Comet

I am writing to you all simultaneously. Not everything I have to say is specifically about you, but you are important to me and I wanted to include you. It may help to think of what I have to say in metaphorical terms, an analogy. If you are from where I am from, you can also take it literally.

Years ago I lived in a world where several timelines rubbed together like strips of film from different versions of the same movie. I saw different layers of information. Rough winds of feelings and possibilities blasted through my head and heart. I often felt a sliding sensation, as though I had stepped onto a conveyor belt. Sometimes gravity started to behave differently. I moved through a realm of constant dreams and voices, trying to pull meaning from it. These are all translations for experiences I was never able to articulate to other people or find someone who related with them.

Having what feels like a fundamentally different experience of reality than other people around me was like always being in a glass box floating at the edge of other people’s vision. Isolated and not quite there. Being able to see too much information about other people made it hard to have lasting relationships. I didn’t give them a chance. I didn’t want to waste anyone’s time with a relationship that was already over in my mind.

I decided to fix it. I decided to change. I wanted to learn how to disconnect the other worlds and be normal. Over the course of a year or so, I followed instructions that came to me like old memories. Each step lead me to the next step. One step came from a trampoline (and, perhaps, from Trampoline). Through the use of LSD I was able to manifest my metaphorical operating system to disconnect and rewire things. It was like a light had been switched off  and I came to an abrupt halt without knowing I had been moving so fast all this time.

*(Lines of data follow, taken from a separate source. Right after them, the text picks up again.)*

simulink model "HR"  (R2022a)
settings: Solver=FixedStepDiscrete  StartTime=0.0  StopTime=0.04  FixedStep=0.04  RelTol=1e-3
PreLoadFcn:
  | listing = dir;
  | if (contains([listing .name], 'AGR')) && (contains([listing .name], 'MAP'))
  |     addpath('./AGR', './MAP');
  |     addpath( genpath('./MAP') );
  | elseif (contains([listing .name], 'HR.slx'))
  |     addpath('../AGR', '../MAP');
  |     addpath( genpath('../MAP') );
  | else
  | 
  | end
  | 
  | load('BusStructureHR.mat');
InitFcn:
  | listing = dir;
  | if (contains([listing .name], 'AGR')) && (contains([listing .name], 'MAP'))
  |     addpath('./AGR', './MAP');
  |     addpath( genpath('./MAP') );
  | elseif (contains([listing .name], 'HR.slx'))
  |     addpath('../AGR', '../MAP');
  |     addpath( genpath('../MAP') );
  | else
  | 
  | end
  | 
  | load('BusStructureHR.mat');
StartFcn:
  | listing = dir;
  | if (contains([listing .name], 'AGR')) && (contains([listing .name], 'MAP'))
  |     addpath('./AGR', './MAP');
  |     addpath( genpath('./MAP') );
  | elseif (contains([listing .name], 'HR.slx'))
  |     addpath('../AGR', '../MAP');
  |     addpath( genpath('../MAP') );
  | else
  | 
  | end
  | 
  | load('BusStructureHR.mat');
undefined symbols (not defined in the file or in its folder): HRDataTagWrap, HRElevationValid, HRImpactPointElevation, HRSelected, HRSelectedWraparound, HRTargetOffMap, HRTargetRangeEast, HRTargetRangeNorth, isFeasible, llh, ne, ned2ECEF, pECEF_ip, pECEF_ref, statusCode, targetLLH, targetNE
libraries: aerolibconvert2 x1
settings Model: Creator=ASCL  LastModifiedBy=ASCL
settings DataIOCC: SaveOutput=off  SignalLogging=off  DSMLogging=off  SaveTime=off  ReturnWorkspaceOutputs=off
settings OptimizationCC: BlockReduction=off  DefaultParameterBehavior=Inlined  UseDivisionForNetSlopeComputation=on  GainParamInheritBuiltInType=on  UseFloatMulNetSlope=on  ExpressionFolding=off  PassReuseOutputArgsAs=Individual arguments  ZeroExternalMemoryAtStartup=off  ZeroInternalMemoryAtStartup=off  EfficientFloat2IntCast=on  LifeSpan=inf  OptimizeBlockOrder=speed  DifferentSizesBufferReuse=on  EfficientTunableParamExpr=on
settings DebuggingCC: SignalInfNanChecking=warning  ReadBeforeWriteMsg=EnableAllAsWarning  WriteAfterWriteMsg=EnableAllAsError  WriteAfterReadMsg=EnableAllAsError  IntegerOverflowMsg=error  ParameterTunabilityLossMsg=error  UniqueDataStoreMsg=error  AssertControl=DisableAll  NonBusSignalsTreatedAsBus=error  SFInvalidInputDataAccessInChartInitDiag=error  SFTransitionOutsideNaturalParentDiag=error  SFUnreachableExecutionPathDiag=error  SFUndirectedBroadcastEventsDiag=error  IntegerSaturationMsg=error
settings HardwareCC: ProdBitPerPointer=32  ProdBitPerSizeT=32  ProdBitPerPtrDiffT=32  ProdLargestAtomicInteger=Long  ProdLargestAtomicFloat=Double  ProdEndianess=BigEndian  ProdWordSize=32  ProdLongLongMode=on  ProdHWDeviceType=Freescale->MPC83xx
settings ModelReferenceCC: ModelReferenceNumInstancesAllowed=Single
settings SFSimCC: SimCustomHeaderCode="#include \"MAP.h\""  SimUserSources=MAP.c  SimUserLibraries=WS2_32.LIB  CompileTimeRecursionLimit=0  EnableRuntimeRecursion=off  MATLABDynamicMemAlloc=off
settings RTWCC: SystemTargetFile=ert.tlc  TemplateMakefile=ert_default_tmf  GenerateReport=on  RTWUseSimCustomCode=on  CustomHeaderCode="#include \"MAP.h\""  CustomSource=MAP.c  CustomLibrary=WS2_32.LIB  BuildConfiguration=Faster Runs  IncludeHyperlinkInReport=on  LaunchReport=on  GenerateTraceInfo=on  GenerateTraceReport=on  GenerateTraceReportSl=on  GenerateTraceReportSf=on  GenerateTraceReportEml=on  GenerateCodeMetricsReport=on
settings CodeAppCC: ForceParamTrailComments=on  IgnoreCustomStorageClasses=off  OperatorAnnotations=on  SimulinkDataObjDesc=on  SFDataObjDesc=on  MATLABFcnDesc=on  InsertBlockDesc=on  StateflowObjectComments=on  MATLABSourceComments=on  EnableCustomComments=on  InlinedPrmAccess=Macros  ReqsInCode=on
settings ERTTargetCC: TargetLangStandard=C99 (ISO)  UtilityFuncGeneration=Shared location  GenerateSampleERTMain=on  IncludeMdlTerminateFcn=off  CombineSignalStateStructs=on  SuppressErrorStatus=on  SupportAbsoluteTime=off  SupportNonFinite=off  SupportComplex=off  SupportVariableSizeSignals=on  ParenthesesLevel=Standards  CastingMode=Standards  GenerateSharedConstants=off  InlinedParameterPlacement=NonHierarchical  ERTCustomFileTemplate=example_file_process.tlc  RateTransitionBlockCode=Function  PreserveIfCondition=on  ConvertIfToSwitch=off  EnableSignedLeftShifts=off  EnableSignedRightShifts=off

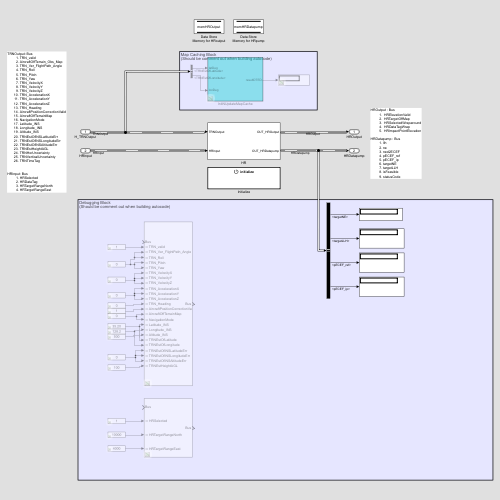
[thumbnail: Simulink's stored preview of the top-level diagram]
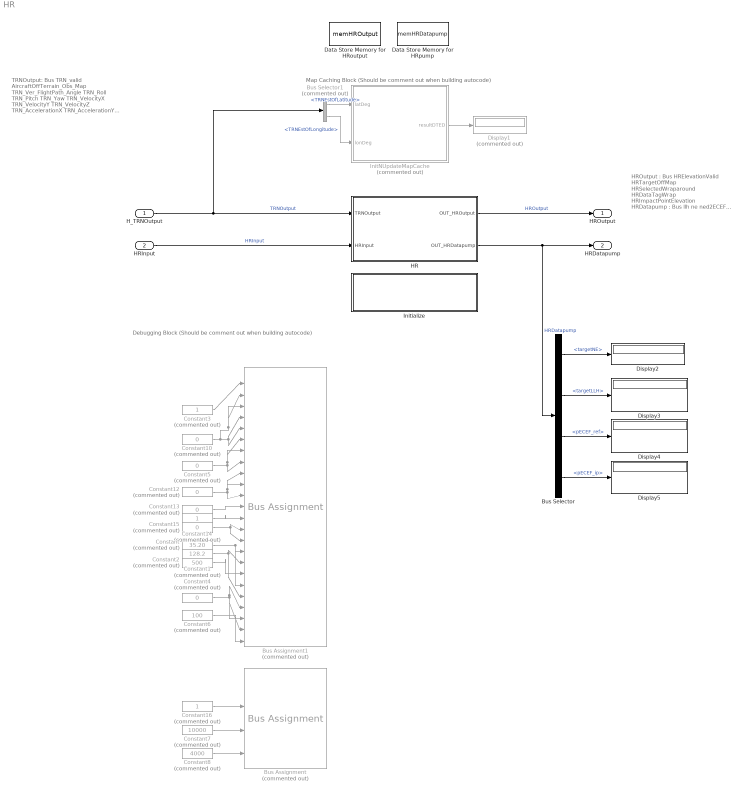
== system HR ==
  note: Debugging Block
      | (Should be comment out when building autocode)
  note: TRNOutput: Bus
      | TRN_valid
      | AircraftOffTerrain_Obs_Map
      | TRN_Ver_FlightPath_Angle
      | TRN_Roll
      | TRN_Pitch
      | TRN_Yaw
      | TRN_VelocityX
      | TRN_VelocityY
      | TRN_VelocityZ
      | TRN_AccelerationX
      | TRN_AccelerationY
      | TRN_AccelerationZ
      | TRN_Heading
      | AircraftPositionCorrectionValid
      | AircraftOffTerrainMap
      | NavigationMode
      | Latitude_INS
      | Longitude_INS
      | Altitude_INS
      | TRNEstOfINSLatitudeErr
      | TRNEstOfINSLongitudeErr
      | TRNEstOfINSAltitudeErr
      | TRNEstHeightAGL
      | TRNHorUncertainty
      | TRNVerticalUncertainty
      | TRNTimeTag
      |
      | HRInput: Bus
      | HRSelected
      | HRDataTag
      | HRTargetRangeNorth
      | HRTargetRangeEast
  note: HROutput : Bus
      | HRElevationValid
      | HRTargetOffMap
      | HRSelectedWraparound
      | HRDataTagWrap
      | HRImpactPointElevation
      |
      | HRDatapump : Bus
      | llh
      | ne
      | ned2ECEF
      | pECEF_ref
      | pECEF_ip
      | targetNE
      | targetLLH
      | isFeasible
      | statusCode
  note: Map Caching Block
      | (Should be comment out when building autocode)
  H_TRNOutput : Inport  OutDataTypeStr=Bus: TRNOutput  Interpolate=off  BusOutputAsStruct=on
  HRInput : Inport  Port=2  OutDataTypeStr=Bus: HRInput  Interpolate=off  BusOutputAsStruct=on
  Bus Assignment : BusAssignment  Commented=on  AssignedSignals=HRSelected,HRTargetRangeNorth,HRTargetRangeEast
  Bus Assignment1 : BusAssignment  Commented=on  AssignedSignals=TRN_valid,TRN_Ver_FlightPath_Angle,TRN_Roll,TRN_Pitch,TRN_Yaw,TRN_VelocityX,TRN_VelocityY,TRN_VelocityZ,TRN_AccelerationX,TRN_AccelerationY,TRN_AccelerationZ,TRN_Heading,AircraftPositionCorrectionValid,AircraftOffTerrainMap,NavigationMode,Latitude_INS,Longitude_INS,Altitude_INS,TRNEstOfLatitude,TRNEstOfLongitude,TRNEstOfINSLatitudeErr,TRNEstOfINSLongitudeErr,TRNEstOfINSAltitudeErr,TRNEstHeightAGL
  Bus Selector : BusSelector  OutputSignals=targetNE,targetLLH,pECEF_ref,pECEF_ip
  Bus Selector1 : BusSelector  Commented=on  OutputSignals=TRNEstOfLatitude,TRNEstOfLongitude
  Constant : Constant  Commented=on  Value=35.20
  Constant1 : Constant  Commented=on  Value=128.2
  Constant{4..5,10,12..13} (5 alike) : Constant  Commented=on  Value=0
  Constant14 : Constant  Commented=on  OutDataTypeStr=boolean
  Constant15 : Constant  Commented=on  Value=0  OutDataTypeStr=boolean
  Constant16 : Constant  Commented=on  OutDataTypeStr=boolean
  Constant2 : Constant  Commented=on  Value=500
  Constant3 : Constant  Commented=on  OutDataTypeStr=boolean
  Constant6 : Constant  Commented=on  Value=100  OutDataTypeStr=uint16
  Constant7 : Constant  Commented=on  Value=10000  OutDataTypeStr=double
  Constant8 : Constant  Commented=on  Value=4000  OutDataTypeStr=double
  Data Store Memory for HRoutput : DataStoreMemory  DataStoreName=memHROutput  ReadBeforeWriteMsg=warning  WriteAfterWriteMsg=warning  WriteAfterReadMsg=warning  VectorParams1D=off  ShowAdditionalParam=off  OutDataTypeStr=Bus: HROutput
  Data Store Memory for HRpump : DataStoreMemory  DataStoreName=memHRDatapump  ReadBeforeWriteMsg=warning  WriteAfterWriteMsg=warning  WriteAfterReadMsg=warning  VectorParams1D=off  ShowAdditionalParam=off  OutDataTypeStr=Bus: HRDatapump
  Display1 : Display  Commented=on
  Display{2..5} (4 alike) : Display
  HR : Subsystem
      mask init:
      | % latGPS = double(0);
      | % lonGPS = double(0);
      | % altGPS = double(0);
      | % velEGPS = double(0);
      | % velNGPS = double(0);
      | % velUGPS = double(0);
      | % notValidGPS = boolean(0);
      | % notAvaildINS = boolean(0);
      | % velUINS = double(0);
      | % velVINS = double(0);
      | % velWINS = double(0);
      | % rollINS = double(0);
      | % pitchINS = double(0);
      | % hgdINS = double(0);
      | % accXINS = double(0);
      | % accYINS = double(0);
      | % accZINS = double(0);
      | % activated = boolean(0);
      | % reactionT = uint16(0);
      | % pullUpG = uint16(0);
      | % rollRate = uint16(0);
      | % gOnsetRate = uint16(0);
      | % maxGamma = uint16(0);
      | % setWarnH = double(0);
      | % obsWarningTime = uint16(1);
      | % wiresWarningTime = uint16(1);
      | % latErrOfINS = double(0);
      | % lonErrOfINS = double(0);
      | % altErrorofINS = uint16(0);
      | % heightEstOfTRN = uint16(0);
      | % horUncertaintyOfTRN = double(0);
      | % verUncertaintyOfTRN = double(0);
  InitNUpdateMapCache : Subsystem  Commented=on  TreatAsAtomicUnit=on
  Initialize : Subsystem  TreatAsAtomicUnit=on
  HROutput : Outport  OutDataTypeStr=Bus: HROutput  VectorParamsAs1DForOutWhenUnconnected=off  BusOutputAsStruct=on
  HRDatapump : Outport  Port=2  OutDataTypeStr=Bus: HRDatapump  VectorParamsAs1DForOutWhenUnconnected=off  BusOutputAsStruct=on
  wires:
  Constant8/1 -> Bus Assignment/4
  Bus Selector/4 -> Display5/1  "<pECEF_ip>"
  Bus Selector/2 -> Display3/1  "<targetLLH>"
  H_TRNOutput/1 -> Bus Selector1/1, HR/1(TRNOutput)  "TRNOutput"
  Bus Selector/3 -> Display4/1  "<pECEF_ref>"
  Constant5/1 -> Bus Assignment1/7, Bus Assignment1/8, Bus Assignment1/9
  Constant6/1 -> Bus Assignment1/25
  Constant12/1 -> Bus Assignment1/10, Bus Assignment1/11, Bus Assignment1/12
  HRInput/1 -> HR/2(HRInput)  "HRInput"
  HR/2(OUT_HRDatapump) -> Bus Selector/1, HRDatapump/1  "HRDatapump"
  Constant16/1 -> Bus Assignment/2
  Constant10/1 -> Bus Assignment1/6, Bus Assignment1/5, Bus Assignment1/3, Bus Assignment1/4
  Constant13/1 -> Bus Assignment1/13
  Constant7/1 -> Bus Assignment/3
  Bus Selector/1 -> Display2/1  "<targetNE>"
  Constant2/1 -> Bus Assignment1/19
  Constant14/1 -> Bus Assignment1/14
  HR/1(OUT_HROutput) -> HROutput/1  "HROutput"
  Constant4/1 -> Bus Assignment1/22, Bus Assignment1/23, Bus Assignment1/24
  Constant1/1 -> Bus Assignment1/21, Bus Assignment1/18
  Constant/1 -> Bus Assignment1/20, Bus Assignment1/17
  Constant3/1 -> Bus Assignment1/2
  Constant15/1 -> Bus Assignment1/16, Bus Assignment1/15
  InitNUpdateMapCache/1(resultDTED) -> Display1/1
  Bus Selector1/1 -> InitNUpdateMapCache/1(latDeg)  "<TRNEstOfLatitude>"
  Bus Selector1/2 -> InitNUpdateMapCache/2(lonDeg)  "<TRNEstOfLongitude>"

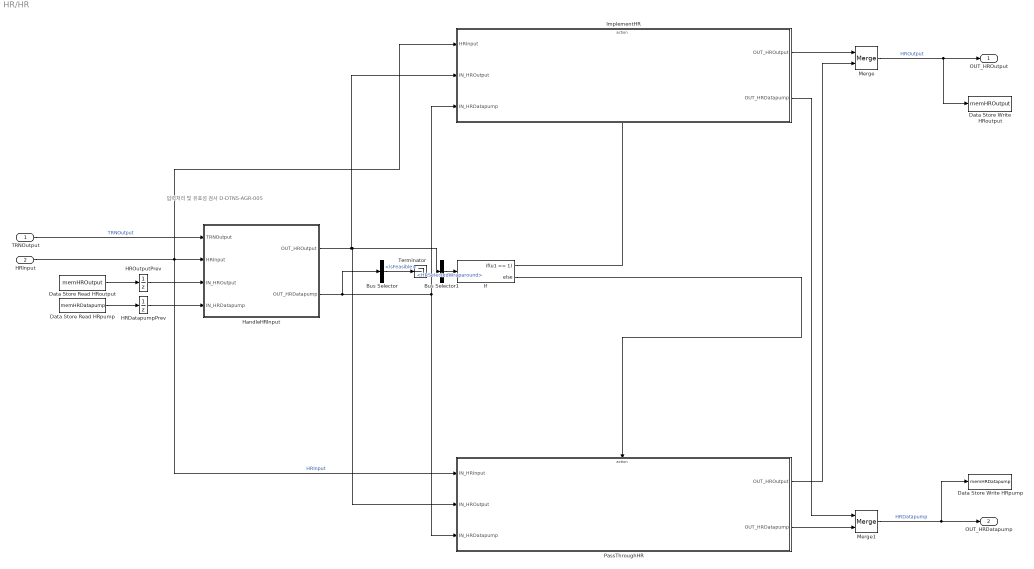
== system HR/HR ==
  note: 입력처리 및 유효성 검사 D-DTNS-AGR-005
  TRNOutput : Inport  OutDataTypeStr=Bus: TRNOutput
  HRInput : Inport  Port=2  OutDataTypeStr=Bus: HRInput
  Bus Selector : BusSelector  OutputSignals=isFeasible
  Bus Selector1 : BusSelector  OutputSignals=HRSelectedWraparound
  Data Store Read HRoutput : DataStoreRead  DataStoreName=memHROutput  IndexOptions=Index vector (dialog)  Indices=1  OutputSizes=1
  Data Store Read HRpump : DataStoreRead  DataStoreName=memHRDatapump  IndexOptions=Index vector (dialog)  Indices=1  OutputSizes=1
  Data Store Write HRoutput : DataStoreWrite  DataStoreName=memHROutput  IndexOptions=Index vector (dialog)  Indices=1  OutputSizes=1
  Data Store Write HRpump : DataStoreWrite  DataStoreName=memHRDatapump  IndexOptions=Index vector (dialog)  Indices=1  OutputSizes=1
  HRDatapumpPrev : UnitDelay  SampleTime=-1  HasFrameUpgradeWarning=on
  HROutputPrev : UnitDelay  SampleTime=-1  HasFrameUpgradeWarning=on
  HandleHRInput : Subsystem  TreatAsAtomicUnit=on
      settings: RTWSystemCode=Nonreusable function  RTWFcnNameOpts=Use subsystem name
  If : If  IfExpression=u1 == 1
  ImplementHR : Subsystem  TreatAsAtomicUnit=on
      settings: RTWSystemCode=Nonreusable function  RTWFcnNameOpts=Use subsystem name
  Merge : Merge
  Merge1 : Merge
  PassThroughHR : Subsystem  TreatAsAtomicUnit=on
      settings: RTWSystemCode=Nonreusable function  RTWFcnNameOpts=Use subsystem name
  Terminator : Terminator
  OUT_HROutput : Outport  OutDataTypeStr=Bus: HROutput  VectorParamsAs1DForOutWhenUnconnected=off
  OUT_HRDatapump : Outport  Port=2  OutDataTypeStr=Bus: HRDatapump  VectorParamsAs1DForOutWhenUnconnected=off
  wires:
  Merge/1 -> Data Store Write HRoutput/1, OUT_HROutput/1  "HROutput"
  Merge1/1 -> Data Store Write HRpump/1, OUT_HRDatapump/1  "HRDatapump"
  If/1 -> ImplementHR/Action
  If/2 -> PassThroughHR/Action
  Data Store Read HRoutput/1 -> HROutputPrev/1
  HRInput/1 -> ImplementHR/1(HRInput), PassThroughHR/1(IN_HRInput), HandleHRInput/2(HRInput)  "HRInput"
  Data Store Read HRpump/1 -> HRDatapumpPrev/1
  HandleHRInput/1(OUT_HROutput) -> Bus Selector1/1, PassThroughHR/2(IN_HROutput), ImplementHR/2(IN_HROutput)
  Bus Selector/1 -> Terminator/1  "<isFeasible>"
  HandleHRInput/2(OUT_HRDatapump) -> Bus Selector/1, PassThroughHR/3(IN_HRDatapump), ImplementHR/3(IN_HRDatapump)
  ImplementHR/1(OUT_HROutput) -> Merge/1
  PassThroughHR/2(OUT_HRDatapump) -> Merge1/2
  PassThroughHR/1(OUT_HROutput) -> Merge/2
  ImplementHR/2(OUT_HRDatapump) -> Merge1/1
  TRNOutput/1 -> HandleHRInput/1(TRNOutput)  "TRNOutput"
  HROutputPrev/1 -> HandleHRInput/3(IN_HROutput)
  HRDatapumpPrev/1 -> HandleHRInput/4(IN_HRDatapump)
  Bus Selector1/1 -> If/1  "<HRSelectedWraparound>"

And so life started to happen Now and there wasn’t any other sort of time. No other worlds blobbed over my vision. No freight trains of possibility rocketed past inches away from my head. I could focus more and be part of the world other people inhabited. I got what I thought I wanted. But something kept nagging at me, like a task I kept forgetting about. There was a banging sound inside me, faint and distant, against thick glass, perhaps underwater. Eventually, when I looked inside me, I discovered the banging was me, on the inside of the floating glass box. I hadn’t changed myself at all. I had just changed places with someone else.

Maybe it had been a mistake to disconnect myself. It’s hard to say. The amalgam of previous moments culminates in who we are now and all that. I just knew that on some level I was unhappy. I had sacrificed part of myself so that I could walk instead of floating like a weirdo. Despite my unhappiness, I was convinced that this was the only version of myself that would be accepted by my friends. One of you has Seen me before. You know how difficult it can be.

Sometimes you need to take the thing you’ve been making, the thing that isn’t getting better by adding more parts or twisting the knobs, and smash it. The parts that survive are the strongest and they can be reused for something else. Many years ago I jumped out the window of a very tall Las Vegas hotel. I did not survive. But that was the point. It was the only way to rebuild and keep living.

So a week or so ago  I did mushrooms in order to receive the next set of instructions on how to undo what I had done. The metaphor was kind of funny and on point. During the trip, while I was in the bathroom, I pulled up my underwear. I saw the lettering on the waistband was inverted, as though in a mirror. A sticker that had been on one hand was now on the other. As I stood up I had the sensation of standing upside down on the ceiling. The quality of light had changed. I was on the other side of the glass. I went outside and looked at a new sky. And then the trains started running again and the winds started blowing. It comes in flashes now, a trip to the grocery store suddenly a challenging task of navigating pocket universes.

I was also given the next step in my instructions. At some point my fingers will turn into something that looks like a gun, a blue, glowing mystical barrel. I’m not sure what will happen, but I get the sense that part of me will die, like in Vegas, and I will move on with what is left. You’ve seen enough Doctor Who to know that these transitions are difficult but ultimately survivable. 😉

So that is what has been going on with me. I thought you should know. As for other recent developments that I have been processing, I’ve been of several minds.

I am grateful for every moment and I know I cannot keep you. I want you in my life as long as possible, whatever shape that takes. Thank you for being so brave and generous as you share your life with me on this adventure. You have grown so much in the time I have known you and I like to think I contributed to your growth in some way. I really do want you to be happy and it would be selfish of me to put any sort of parameters on your happiness, even if that means you won’t always be with me.
When I think of you marrying someone else, I get so angry. It just shatters me. I had no plan for my life other than being with you. I feel like an idiot for facilitating this whole arrangement. I feel that so many people I have loved have just used me as a stepping stone to move on to some happier stage of their life. I’m never the one who is chosen. I am the one that gets left behind. It’s hard to always be the guy you were “happy to have known” and who helped make you a better person. I want to be with that better person, not have them go off with someone else.

I used to think that there was someone I was meant to be with, like a soulmate. If I was patient enough, I would encounter her. But maybe I’m not meant for anyone, or not just one person in particular. Maybe that is okay.

Come what may, know that I love you.